Before saving, replace <AWS_ACCOUNT_ID> with your own AWS account ID.
{
"Version": "2012-10-17",
"Statement": [
{
"Effect": "Allow",
"Action": "iot:Connect",
"Resource": "*"
},
{
"Effect": "Allow",
"Action": "iot:Publish",
"Resource": "arn:aws:iot:*:<AWS_ACCOUNT_ID>:topic//mqtt-publisher*"
}
]
}
Attach the policy with the following command.
$ aws iam put-role-policy \
--role-name GreengrassV2TokenExchangeRole \
--policy-name IoTPolicy \
--policy-document file://policy.json
Deploying Component Locally
Deploy your custom component locally with greengrass-cli deployment create in the Docker container.
docs.aws.amazon.com
$ cd /greengrass/v2
$ bin/greengrass-cli deployment create \
--recipeDir /root/components/mqtt_publisher/greengrass-build/recipes \
--artifactDir /root/components/mqtt_publisher/greengrass-build/artifacts \
--merge "com.example.MqttPublisher=0.0.1"
...
Local deployment submitted!
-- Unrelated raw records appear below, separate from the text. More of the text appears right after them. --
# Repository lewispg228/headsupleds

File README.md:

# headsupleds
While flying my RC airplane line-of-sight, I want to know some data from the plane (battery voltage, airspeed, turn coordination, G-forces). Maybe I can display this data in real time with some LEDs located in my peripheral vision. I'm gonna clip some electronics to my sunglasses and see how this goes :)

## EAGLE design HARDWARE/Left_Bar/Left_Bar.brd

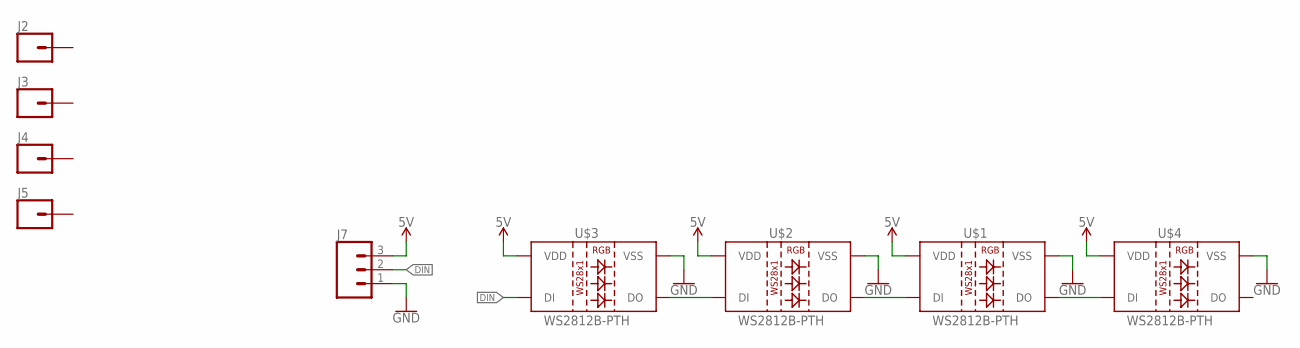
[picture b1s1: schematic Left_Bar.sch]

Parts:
J2, J3, J4, J5: CONN_01OFFSET; 1X01_OFFSET
J7: CONN_03; 1X03
U$1, U$2, U$3, U$4: WS2812B-PTH; WS2812B-PTH-KIT

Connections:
5V: J7.3, U$1.2 (VDD), U$2.2 (VDD), U$3.2 (VDD), U$4.2 (VDD)
DIN: J7.2, U$3.1 (DI)
GND: J7.1, U$1.3 (VSS), U$2.3 (VSS), U$3.3 (VSS), U$4.3 (VSS)
unnamed: U$1.4 (DO), U$4.1 (DI)
unnamed: U$2.1 (DI), U$3.4 (DO)
unnamed: U$1.1 (DI), U$2.4 (DO)

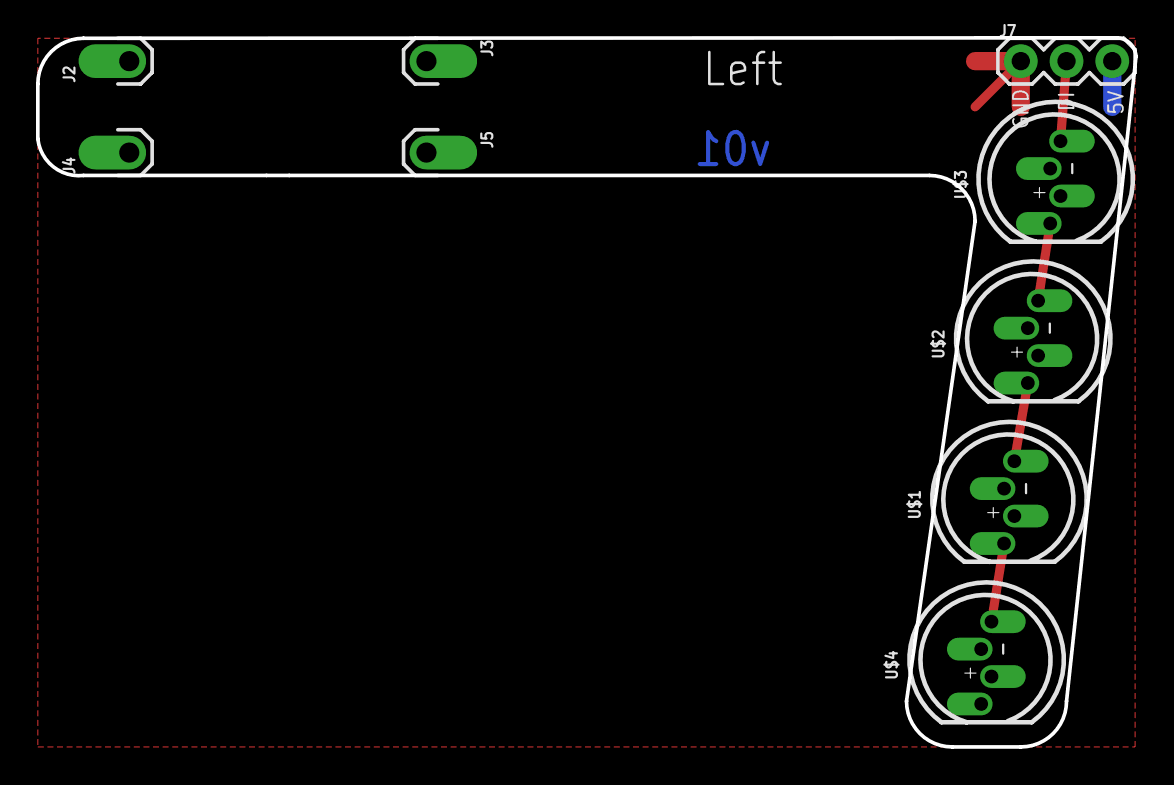
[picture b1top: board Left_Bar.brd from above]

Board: 2 copper layers, 61.0 x 39.4 mm, 9 parts (0 on the bottom side), 6 nets.

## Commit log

2018-01-14 calibrating adc vals to real voltages
2018-01-14 Got ADC value coming in
    example 1 is base, exampe 2 is plane,
    currently sending ADC value every 10 ms... this might be a higher
    frequency than necessary, but heck let see what it can do.
2018-01-15 LED controller working, base (ex 1) test commands working
2018-01-15 Getting close. Still need to fine tune adc mapping to voltage
    Note, I am planning on mapping the ADV for batt readings to a voltage.
    Rather than using floats, I am just using a 3 digit int. 126 actually
    means 12.6V.
2018-01-17 initial drawings for the turn coordinator sensor
    The plan is to make a diy "frictionless" rotational sensor. This disc
    will be attached to a freely rotating rod. The rod will go upward out of
    the top of the fuse (or wing maybe) and have a stiff flag attached to it
    (acting like a fin or rudder). This will get held into position by the
    oncoming airflow and rotate to either side to sense coordination. Much
    like a yaw string on a glider. This disc will rotate above an analog
2018-01-17 created jpg version for printing
2018-01-18 Set 12.6 and 11.1 adc values
    Using a power supply, I sent 12/6V and 11.1V at it, and plugged in those reading into the MAP function. Seems to accurately show voltage. wahoo!
2018-01-18 added in "status" blink
    every 100 messages, it will kill all LEDs to indicate that it's still getting stuff from the plane.
2018-01-18 pic of controller and leds - prototype 1
2018-08-01 Starting a custom PCBs to hold LEDs on sunglasses
2018-08-07 heads up leds with ws2812s - v01
2018-08-17 testing out protos with some simple code
2018-08-17 fixed ws2812 pinouts - added res and cap
    library for ws2812 pth pinout was incorrect. I also added in a cap and resistor like the hookup guide suggests. Not sure if necessary, cuz the protos of v01 are working without (although I had to rot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
2018-09-10 original scan of top down view of sun glasses
    gonna use this to further match up pcb with actual sunglasses.
2018-09-10 glasses into eagle library work
2018-09-10 renames right and left, finished left
2018-09-10 left bar v01 correction
2018-09-21 more testing code

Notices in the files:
parts and their libraries:
SparkFun-Connectors: Licensing: Creative Commons ShareAlike 4.0 International - https://creativecommons.org/licenses/by-sa/4.0

Deployment Id: <DEPLOYMENT_ID>
Check the deployment status using greengrass-cli deployment status.
docs.aws.amazon.com
$ bin/greengrass-cli deployment status -i <DEPLOYMENT_ID>
...
INFO: Connection established with event stream RPC server
<DEPLOYMENT_ID>: SUCCEEDED
You should see the following log record in /greengrass/v2/logs/com.example.MqttPublisher.log.
$ cd /greengrass/v2/logs
$ tail -f com.example.MqttPublisher.log
...
[INFO] (Copier) com.example.MqttPublisher: stdout. Message was sent successfully: {'value': 31, 'datetime': '2023-02-27 12:31:35'}. {scriptName=services.com.example.MqttPublisher.lifecycle.Run, serviceName=com.example.MqttPublisher, currentState=RUNNING}
Testing with AWS IoT Test Client
Using the MQTT test client, input /# or /mqtt-publisher in the Topic filter field, click Subscribe button.
You should see the messages sent from your custom component to AWS IoT Core.
Conclusion
With the AWS IoT Greengrass Docker image, you can easily develop Greengrass components.
I hope you will find this post useful.